:: Try it ::
Restate all the data exactly, so that each line is the same as before.

--- Material for the task Enclosed Below ---

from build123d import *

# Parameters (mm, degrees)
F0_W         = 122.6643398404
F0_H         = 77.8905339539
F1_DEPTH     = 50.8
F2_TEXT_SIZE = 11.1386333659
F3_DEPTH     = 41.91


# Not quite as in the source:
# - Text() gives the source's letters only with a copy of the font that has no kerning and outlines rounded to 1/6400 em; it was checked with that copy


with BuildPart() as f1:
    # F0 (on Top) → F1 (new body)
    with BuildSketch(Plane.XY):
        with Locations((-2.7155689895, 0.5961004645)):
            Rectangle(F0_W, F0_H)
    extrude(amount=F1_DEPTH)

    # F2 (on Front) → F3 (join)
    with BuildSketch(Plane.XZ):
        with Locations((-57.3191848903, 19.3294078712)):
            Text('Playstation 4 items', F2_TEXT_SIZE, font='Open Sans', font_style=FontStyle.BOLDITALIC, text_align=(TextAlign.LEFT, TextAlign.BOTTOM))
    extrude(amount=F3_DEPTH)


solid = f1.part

--- End of Enclosed Material for the task ---

:: Result of this exercise ::
from build123d import *

# Parameters (mm, degrees)
F0_W         = 122.6643398404
F0_H         = 77.8905339539
F1_DEPTH     = 50.8
F2_TEXT_SIZE = 11.1386333659
F3_DEPTH     = 41.91


# Not quite as in the source:
# - Text() gives the source's letters only with a copy of the font that has no kerning and outlines rounded to 1/6400 em; it was checked with that copy


with BuildPart() as f1:
    # F0 (on Top) → F1 (new body)
    with BuildSketch(Plane.XY):
        with Locations((-2.7155689895, 0.5961004645)):
            Rectangle(F0_W, F0_H)
    extrude(amount=F1_DEPTH)

    # F2 (on Front) → F3 (join)
    with BuildSketch(Plane.XZ):
        with Locations((-57.3191848903, 19.3294078712)):
            Text('Playstation 4 items', F2_TEXT_SIZE, font='Open Sans', font_style=FontStyle.BOLDITALIC, text_align=(TextAlign.LEFT, TextAlign.BOTTOM))
    extrude(amount=F3_DEPTH)


solid = f1.part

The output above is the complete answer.